We can think of light in two ways: as waves of electric and magnetic fields, and as particles. The first way of looking at electromagnetic radiation is the classical way, and it was fully developed in the 19th century. The second way is dictated by experiments that lead to the development of quantum mechanics in the first half of the 20th century. Which of these points of views one adopts depends on the problem under consideration. Generally, when one studies radio wave, the classical physics of electromagnetic fields is used to study the generation and propagation of electromagnetic waves. When one considers visible light, x-rays, or gamma-rays, one generally employs quantum mechanics.
A particle of light is called a photon. The particle nature of light—or equivalently the quantum nature of light—has an interesting implication: one can apply the concepts of thermodynamics to light. This means that we can treat light as a gas of photons, and like any gases, a photon gas is characterized by its pressure, thermal energy, and entropy. If this photon gas is thermalized, which means that the energy of the gas is distributed among the photons in the most probable fashion, it has a distribution of energies that is characterized by temperature alone.
A photon field, however, have two properties that are not normally seen in a conventional gas: photons do not interact with each other, but only with other particles such as electrons, and photons can be created and destroyed. This first property means that a thermalized photon field is always thermalized with some other gas. Often in astrophysics this gas is of free electrons. Second, because interactions among electrons and ions can create and destroy photons, the temperature of thermalized photons not only gives the distribution of energy among photons, but the number of photons per unit volume. In contrast, two independent variables, the temperature and the density, are required to fully describe a gas of ions and electrons.
This live figure shows the black-body (Planck) spectrum. By double-clicking on a temperature cell in the table with the right-hand mouse button, the temperature for that spectrum can be changed. After editing the value, replot the spectrum by clicking on another part of the table. The two sets of buttons define the units of temperature and the units of photon energy. More information on how to control the applet is given by the Applet Control Guide.
A thermal photon spectrum is called the black-body spectrum, or the Planck spectrum. It is the touchstone for understanding the radiation that reaches us from the stars. All processes in astronomical sources try to drive radiation to a black-body spectrum, because this is the most probable state for the distribution of energy among photons; in thermodynamic terms, this is the state with the highest entropy. The black-body spectrum rises proportionally with the square of the photon energy until the peak of the spectrum is reached at hν = kT, where h is the Planck constant, which relates a photon's frequency to its energy, ν is the photon frequency, k is the Boltzmann constant, which relates temperature in degrees Kelvin to energy, and T is the photon energy. Above the peak, the spectrum falls-off exponentially. The total energy density of a black-body radiation field rises as the temperature to the fourth power, so a small increase in temperature increases dramatically the energy density of the radiation field.

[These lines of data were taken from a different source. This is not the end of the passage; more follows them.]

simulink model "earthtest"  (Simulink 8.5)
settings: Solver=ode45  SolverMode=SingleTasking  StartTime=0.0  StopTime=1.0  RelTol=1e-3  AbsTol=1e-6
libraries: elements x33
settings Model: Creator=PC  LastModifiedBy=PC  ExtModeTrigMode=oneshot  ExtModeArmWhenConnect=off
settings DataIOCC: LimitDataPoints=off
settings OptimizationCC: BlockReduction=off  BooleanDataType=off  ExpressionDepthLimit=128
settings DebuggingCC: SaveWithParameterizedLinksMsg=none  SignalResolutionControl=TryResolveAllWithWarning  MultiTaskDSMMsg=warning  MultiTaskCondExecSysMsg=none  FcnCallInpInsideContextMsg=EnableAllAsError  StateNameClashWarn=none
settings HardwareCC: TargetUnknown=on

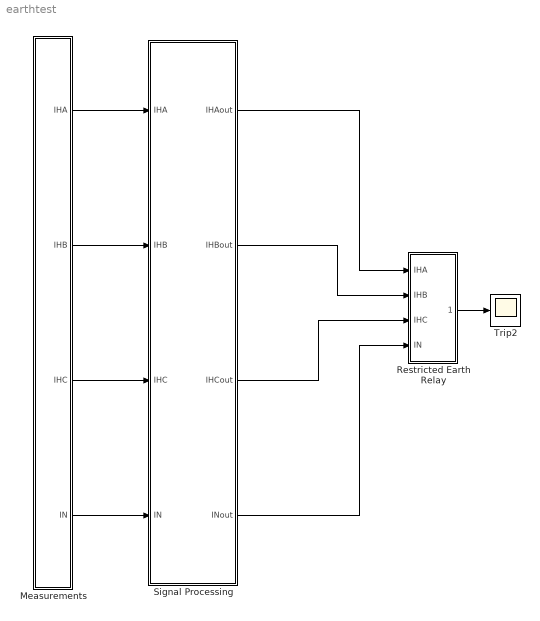
== system earthtest ==
  Measurements : Subsystem
  Restricted Earth Relay : Subsystem  mask(Restricted Earth Protection for the Wye-connected Winding){rc=1, pickup0=0.5, zot=2100, k=0.2, choice=Differential}
      mask prompts: rc "Ratio Mismatch Compensation"; pickup0 "Zero Differential Pick-up Value"; zot "Zero Sequence Overcurrent Threshold"; k "Biased Parameter"; choice "Type of protection"
      mask help: Zero sequence overcurrent protection and zero sequence differential protection.
      mask TypeOptions choice: Overcurrent | Differential
  Signal Processing : Subsystem  mask(Signal Processing){ctx=31.5, cth=1.38, vs=13.8e3, vp=315e3, vector=11}
      mask prompts: ctx "CT Ratio of Low Voltage Side"; cth "CT Ratio of High Voltage Side"; vs "Secondary Voltage"; vp "Primary Voltage"; vector "Transformer Connection Vector"
      mask help: Transform analog measurements to digital format, including filtering, sampling . . .
  Trip2 : Scope
      settings: YMin=-2  YMax=2
  wires:
  Restricted Earth Relay/1(Trip 2) -> Trip2/1
  Measurements/1(IHA) -> Signal Processing/1(IHA)
  Measurements/2(IHB) -> Signal Processing/2(IHB)
  Measurements/3(IHC) -> Signal Processing/3(IHC)
  Measurements/4(IN) -> Signal Processing/4(IN)
  Signal Processing/1(IHAout) -> Restricted Earth Relay/1(IHA)
  Signal Processing/2(IHBout) -> Restricted Earth Relay/2(IHB)
  Signal Processing/3(IHCout) -> Restricted Earth Relay/3(IHC)
  Signal Processing/4(INout) -> Restricted Earth Relay/4(IN)

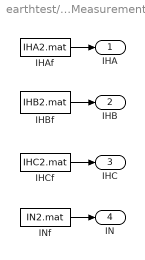
== system earthtest/Measurements ==
  IHAf : FromFile  FileName=IHA2.mat  SampleTime=0
  IHBf : FromFile  FileName=IHB2.mat  SampleTime=0
  IHCf : FromFile  FileName=IHC2.mat  SampleTime=0
  INf : FromFile  FileName=IN2.mat  SampleTime=0
  IHA : Outport
  IHB : Outport  Port=2
  IHC : Outport  Port=3
  IN : Outport  Port=4
  wires:
  IHAf/1 -> IHA/1
  IHBf/1 -> IHB/1
  IHCf/1 -> IHC/1
  INf/1 -> IN/1

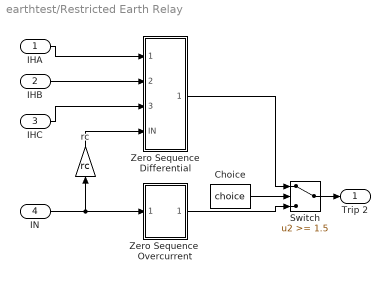
== system earthtest/Restricted Earth Relay ==
  IHA : Inport
  IHB : Inport  Port=2
  IHC : Inport  Port=3
  IN : Inport  Port=4
  Choice : Constant  Value=choice
  Switch : Switch  Threshold=1.5  SaturateOnIntegerOverflow=on  InputSameDT=on
  Zero Sequence Differential : Subsystem
  Zero Sequence  Overcurrent : Subsystem
  rc : Gain  Gain=rc  SaturateOnIntegerOverflow=on  OutDataTypeStr=Inherit: Same as input  ParamDataTypeStr=Inherit: Same as input
  Trip 2 : Outport
  wires:
  Choice/1 -> Switch/2
  Zero Sequence Differential/1(Out1) -> Switch/1
  Switch/1 -> Trip 2/1
  Zero Sequence  Overcurrent/1(Out1) -> Switch/3
  IHA/1 -> Zero Sequence Differential/1(IHA)
  IHB/1 -> Zero Sequence Differential/2(IHB)
  IHC/1 -> Zero Sequence Differential/3(IHC)
  IN/1 -> Zero Sequence  Overcurrent/1(In1), rc/1
  rc/1 -> Zero Sequence Differential/4(IN)

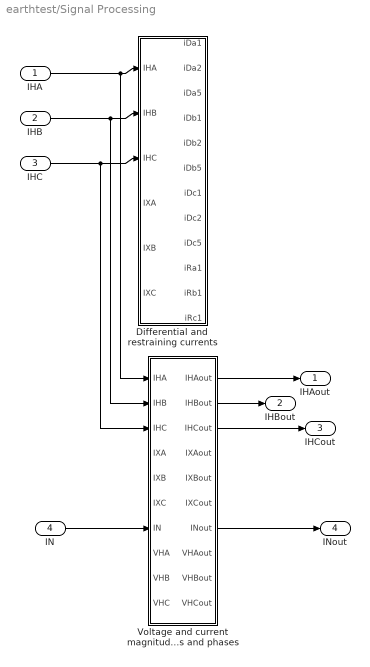
== system earthtest/Signal Processing ==
  IHA : Inport
  IHB : Inport  Port=2
  IHC : Inport  Port=3
  IN : Inport  Port=4
  Differential and  restraining currents : Subsystem
  Voltage and current magnitudes and phases : Subsystem
  IHAout : Outport
  IHBout : Outport  Port=2
  IHCout : Outport  Port=3
  INout : Outport  Port=4
  wires:
  IHA/1 -> Differential and  restraining currents/1(IHA), Voltage and current magnitudes and phases/1(IHA)
  IHB/1 -> Differential and  restraining currents/2(IHB), Voltage and current magnitudes and phases/2(IHB)
  IHC/1 -> Differential and  restraining currents/3(IHC), Voltage and current magnitudes and phases/3(IHC)
  Voltage and current magnitudes and phases/1(IHAout) -> IHAout/1
  Voltage and current magnitudes and phases/2(IHBout) -> IHBout/1
  Voltage and current magnitudes and phases/3(IHCout) -> IHCout/1
  Voltage and current magnitudes and phases/7(INout) -> INout/1
  IN/1 -> Voltage and current magnitudes and phases/7(IN)

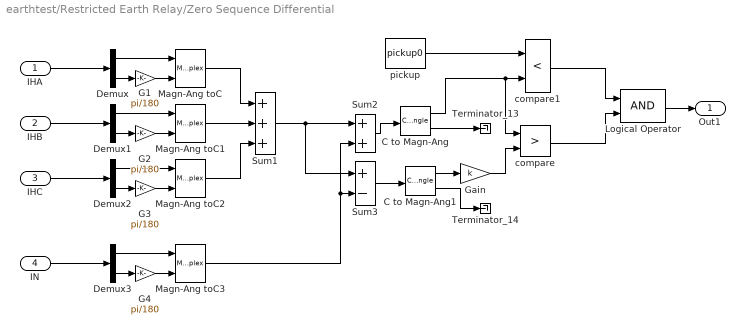
== system earthtest/Restricted Earth Relay/Zero Sequence Differential ==
  IHA : Inport
  IHB : Inport  Port=2
  IHC : Inport  Port=3
  IN : Inport  Port=4
  C to Magn-Ang : ComplexToMagnitudeAngle
  C to Magn-Ang1 : ComplexToMagnitudeAngle
  Demux{,1..3} (4 alike) : Demux  Outputs=2
  G{1..4} (4 alike) : Gain  Gain=pi/180  SaturateOnIntegerOverflow=on  OutDataTypeStr=Inherit: Same as input  ParamDataTypeStr=Inherit: Same as input
  Gain : Gain  Gain=k  SaturateOnIntegerOverflow=on  OutDataTypeStr=Inherit: Same as input  ParamDataTypeStr=Inherit: Same as input
  Logical Operator : Logic
  Magn-Ang toC{,1..3} (4 alike) : MagnitudeAngleToComplex
  Sum1 : Sum  Inputs=+++  SaturateOnIntegerOverflow=on  InputSameDT=on  OutDataTypeStr=Inherit: Same as first input
  Sum2 : Sum  SaturateOnIntegerOverflow=on  InputSameDT=on  OutDataTypeStr=Inherit: Same as first input
  Sum3 : Sum  Inputs=+-  SaturateOnIntegerOverflow=on  InputSameDT=on  OutDataTypeStr=Inherit: Same as first input
  Terminator_13 : Terminator
  Terminator_14 : Terminator
  compare : RelationalOperator  Operator=>  InputSameDT=on
  compare1 : RelationalOperator  Operator=<  InputSameDT=on
  pickup : Constant  Value=pickup0
  Out1 : Outport
  wires:
  Sum2/1 -> C to Magn-Ang/1
  Sum3/1 -> C to Magn-Ang1/1
  IN/1 -> Demux3/1
  Demux3/1 -> Magn-Ang toC3/1
  Magn-Ang toC3/1 -> Sum3/2, Sum2/2
  C to Magn-Ang/2 -> Terminator_13/1
  C to Magn-Ang1/2 -> Terminator_14/1
  C to Magn-Ang1/1 -> Gain/1
  Gain/1 -> compare/2
  Demux3/2 -> G4/1
  G4/1 -> Magn-Ang toC3/2
  pickup/1 -> compare1/1
  C to Magn-Ang/1 -> compare1/2, compare/1
  compare1/1 -> Logical Operator/1
  compare/1 -> Logical Operator/2
  Logical Operator/1 -> Out1/1
  Magn-Ang toC/1 -> Sum1/1
  Sum1/1 -> Sum2/1, Sum3/1
  IHA/1 -> Demux/1
  Demux/1 -> Magn-Ang toC/1
  IHB/1 -> Demux1/1
  Demux1/1 -> Magn-Ang toC1/1
  Magn-Ang toC1/1 -> Sum1/2
  IHC/1 -> Demux2/1
  Demux2/1 -> Magn-Ang toC2/1
  Magn-Ang toC2/1 -> Sum1/3
  Demux/2 -> G1/1
  G1/1 -> Magn-Ang toC/2
  Demux1/2 -> G2/1
  G2/1 -> Magn-Ang toC1/2
  Demux2/2 -> G3/1
  G3/1 -> Magn-Ang toC2/2

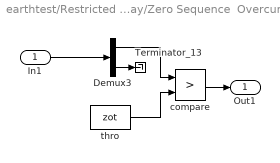
== system earthtest/Restricted Earth Relay/Zero Sequence  Overcurrent ==
  In1 : Inport
  Demux3 : Demux  Outputs=2
  Terminator_13 : Terminator
  compare : RelationalOperator  Operator=>  InputSameDT=on
  thro : Constant  Value=zot
  Out1 : Outport
  wires:
  In1/1 -> Demux3/1
  Demux3/2 -> Terminator_13/1
  thro/1 -> compare/2
  compare/1 -> Out1/1
  Demux3/1 -> compare/1

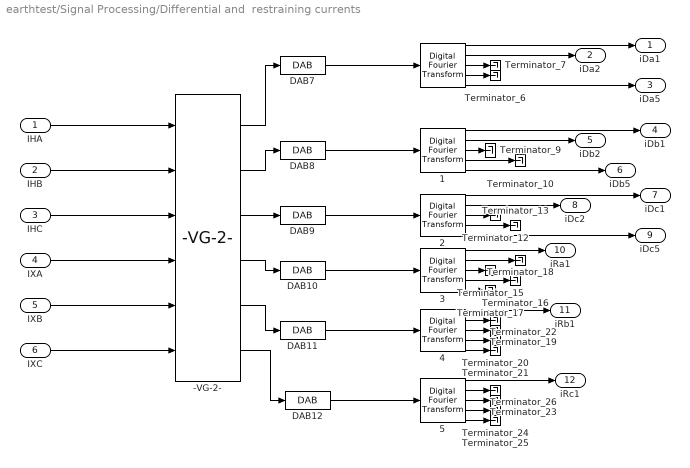
== system earthtest/Signal Processing/Differential and  restraining currents ==
  IHA : Inport
  IHB : Inport  Port=2
  IHC : Inport  Port=3
  IXA : Inport  Port=4
  IXB : Inport  Port=5
  IXC : Inport  Port=6
   {,1..5} (6 alike) : elements/   fo=60  window_size=32  harmonic=[1 2 3 4 5]
  -VG-2- : elements/-VG-2-  trtype=wye - delta  vector=11  Vh=vp  Vx=vs  nCTH=cth  nCTX=ctx
  DAB{8..12} (5 alike) : elements/DAB  filter=off  approx=Bessel  order=2  numerator=[]  denominator=[]  freq=360  resdis=off  vertres=12  xmax=10  winsize=32  G=1.0  fs=60*32
  DAB7 : elements/DAB  filter=on  approx=Bessel  order=2  numerator=[]  denominator=[]  freq=360  resdis=off  vertres=12  xmax=10  winsize=32  G=1.0  fs=60*32
  Terminator_{6..7,9..10,12..13,15..26} (18 alike) : Terminator
  iDa1 : Outport
  iDa2 : Outport  Port=2
  iDa5 : Outport  Port=3
  iDb1 : Outport  Port=4
  iDb2 : Outport  Port=5
  iDb5 : Outport  Port=6
  iDc1 : Outport  Port=7
  iDc2 : Outport  Port=8
  iDc5 : Outport  Port=9
  iRa1 : Outport  Port=10
  iRb1 : Outport  Port=11
  iRc1 : Outport  Port=12
  wires:
  -VG-2-/1 -> DAB7/1
  -VG-2-/2 -> DAB8/1
  -VG-2-/3 -> DAB9/1
  -VG-2-/4 -> DAB10/1
  -VG-2-/5 -> DAB11/1
  -VG-2-/6 -> DAB12/1
  " 2"/3 -> Terminator_12/1
  " 2"/4 -> Terminator_13/1
  " 4"/5 -> Terminator_21/1
  DAB9/1 -> " 2"/1
  " 5"/2 -> Terminator_26/1
  " 5"/3 -> Terminator_23/1
  " 5"/4 -> Terminator_24/1
  " 5"/5 -> Terminator_25/1
  DAB12/1 -> " 5"/1
  " 4"/3 -> Terminator_19/1
  " 4"/2 -> Terminator_22/1
  DAB11/1 -> " 4"/1
  " 4"/4 -> Terminator_20/1
  " 3"/3 -> Terminator_15/1
  " 3"/4 -> Terminator_16/1
  " 3"/5 -> Terminator_17/1
  " 3"/2 -> Terminator_18/1
  DAB10/1 -> " 3"/1
  " 2"/1 -> iDc1/1
  " 2"/2 -> iDc2/1
  " 2"/5 -> iDc5/1
  " 3"/1 -> iRa1/1
  " 4"/1 -> iRb1/1
  " 5"/1 -> iRc1/1
  IXC/1 -> -VG-2-/6
  IXB/1 -> -VG-2-/5
  IXA/1 -> -VG-2-/4
  IHC/1 -> -VG-2-/3
  IHB/1 -> -VG-2-/2
  IHA/1 -> -VG-2-/1
  " "/4 -> Terminator_6/1
  " "/3 -> Terminator_7/1
  DAB7/1 -> " "/1
  " "/1 -> iDa1/1
  " "/2 -> iDa2/1
  " "/5 -> iDa5/1
  " 1"/3 -> Terminator_9/1
  " 1"/4 -> Terminator_10/1
  " 1"/1 -> iDb1/1
  " 1"/2 -> iDb2/1
  " 1"/5 -> iDb5/1
  DAB8/1 -> " 1"/1

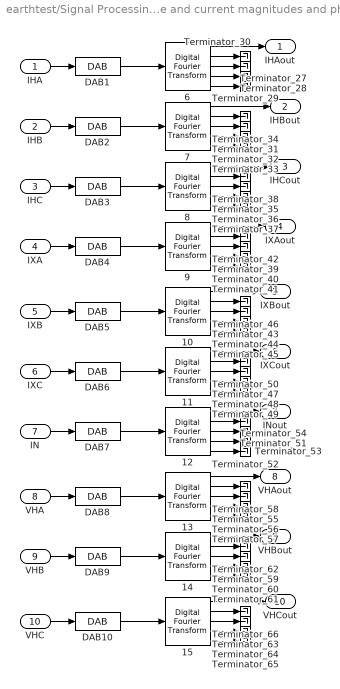
== system earthtest/Signal Processing/Voltage and current magnitudes and phases ==
  IHA : Inport
  IHB : Inport  Port=2
  IHC : Inport  Port=3
  IXA : Inport  Port=4
  IXB : Inport  Port=5
  IXC : Inport  Port=6
  IN : Inport  Port=7
  VHA : Inport  Port=8
  VHB : Inport  Port=9
  VHC : Inport  Port=10
   {6..15} (10 alike) : elements/   fo=60  window_size=32  harmonic=[1 2 3 4 5]
  DAB{1..10} (10 alike) : elements/DAB  filter=off  approx=Bessel  order=2  numerator=[]  denominator=[]  freq=360  resdis=off  vertres=12  xmax=10  winsize=32  G=1.0  fs=60*32
  Terminator_{27..66} (40 alike) : Terminator
  IHAout : Outport
  IHBout : Outport  Port=2
  IHCout : Outport  Port=3
  IXAout : Outport  Port=4
  IXBout : Outport  Port=5
  IXCout : Outport  Port=6
  INout : Outport  Port=7
  VHAout : Outport  Port=8
  VHBout : Outport  Port=9
  VHCout : Outport  Port=10
  wires:
  " 6"/2 -> Terminator_30/1
  " 6"/3 -> Terminator_27/1
  " 6"/4 -> Terminator_28/1
  " 6"/5 -> Terminator_29/1
  DAB1/1 -> " 6"/1
  IHA/1 -> DAB1/1
  " 7"/2 -> Terminator_34/1
  " 7"/3 -> Terminator_31/1
  " 7"/4 -> Terminator_32/1
  " 7"/5 -> Terminator_33/1
  DAB2/1 -> " 7"/1
  " 8"/2 -> Terminator_38/1
  " 8"/3 -> Terminator_35/1
  " 8"/4 -> Terminator_36/1
  " 8"/5 -> Terminator_37/1
  DAB3/1 -> " 8"/1
  " 9"/2 -> Terminator_42/1
  " 9"/3 -> Terminator_39/1
  " 9"/4 -> Terminator_40/1
  " 9"/5 -> Terminator_41/1
  DAB4/1 -> " 9"/1
  " 10"/2 -> Terminator_46/1
  " 10"/3 -> Terminator_43/1
  " 10"/4 -> Terminator_44/1
  " 10"/5 -> Terminator_45/1
  DAB5/1 -> " 10"/1
  " 11"/2 -> Terminator_50/1
  " 11"/3 -> Terminator_47/1
  " 11"/4 -> Terminator_48/1
  " 11"/5 -> Terminator_49/1
  DAB6/1 -> " 11"/1
  " 12"/2 -> Terminator_54/1
  " 12"/3 -> Terminator_51/1
  " 12"/4 -> Terminator_52/1
  " 12"/5 -> Terminator_53/1
  DAB7/1 -> " 12"/1
  " 13"/2 -> Terminator_58/1
  " 13"/3 -> Terminator_55/1
  " 13"/4 -> Terminator_56/1
  " 13"/5 -> Terminator_57/1
  DAB8/1 -> " 13"/1
  " 14"/2 -> Terminator_62/1
  " 14"/3 -> Terminator_59/1
  " 14"/4 -> Terminator_60/1
  " 14"/5 -> Terminator_61/1
  DAB9/1 -> " 14"/1
  " 15"/2 -> Terminator_66/1
  " 15"/3 -> Terminator_63/1
  " 15"/4 -> Terminator_64/1
  " 15"/5 -> Terminator_65/1
  DAB10/1 -> " 15"/1
  " 6"/1 -> IHAout/1
  " 7"/1 -> IHBout/1
  IHB/1 -> DAB2/1
  " 8"/1 -> IHCout/1
  IHC/1 -> DAB3/1
  " 9"/1 -> IXAout/1
  IXA/1 -> DAB4/1
  " 10"/1 -> IXBout/1
  IXB/1 -> DAB5/1
  " 11"/1 -> IXCout/1
  IXC/1 -> DAB6/1
  " 12"/1 -> INout/1
  IN/1 -> DAB7/1
  " 13"/1 -> VHAout/1
  VHA/1 -> DAB8/1
  " 14"/1 -> VHBout/1
  VHB/1 -> DAB9/1
  " 15"/1 -> VHCout/1
  VHC/1 -> DAB10/1

Black body radiation is created when electromagnetic radiation is trapped within a thermal gas. The radiation field deep in a star is black body. The temperatures of the black-body radiation in a star's interior ranges from greater than 10 million °K (slightly less than 1keV) at the core to around 5,000 °K (0.43 eV) at the surface. Radiation deep in a planet's atmosphere is also black body, but characterized by much lower temperatures than in a star. At the other extreme, neutron stars often have a black-body spectrum that peaks in the x-ray band (above 1 keV); the surface temperatures of these neutron stars are therefore several tens of millions of degrees.
The radiation that emerges from a star's photosphere is generally close to a black-body spectrum. This means that by observing the overall shape of a star's spectrum, one can derive a temperature for the photosphere. If the distance to the star is known, one can derive a luminosity for the star from its apparent brightness. From this measurement and the inference about the photon energy density based on the measured temperature, one can derive an approximate radius for the star's photosphere.
An important instance of black-body radiation is the 3° background radiation of the universe. This radiation, which was created when the universe was young, sets a lower limit on how cold objects in space can be. In the absence of star light and other sources of heating, an object would radiatively cool until it was in thermal equilibrium with the background radiation, which means that its temperature would equal the background radiation temperature.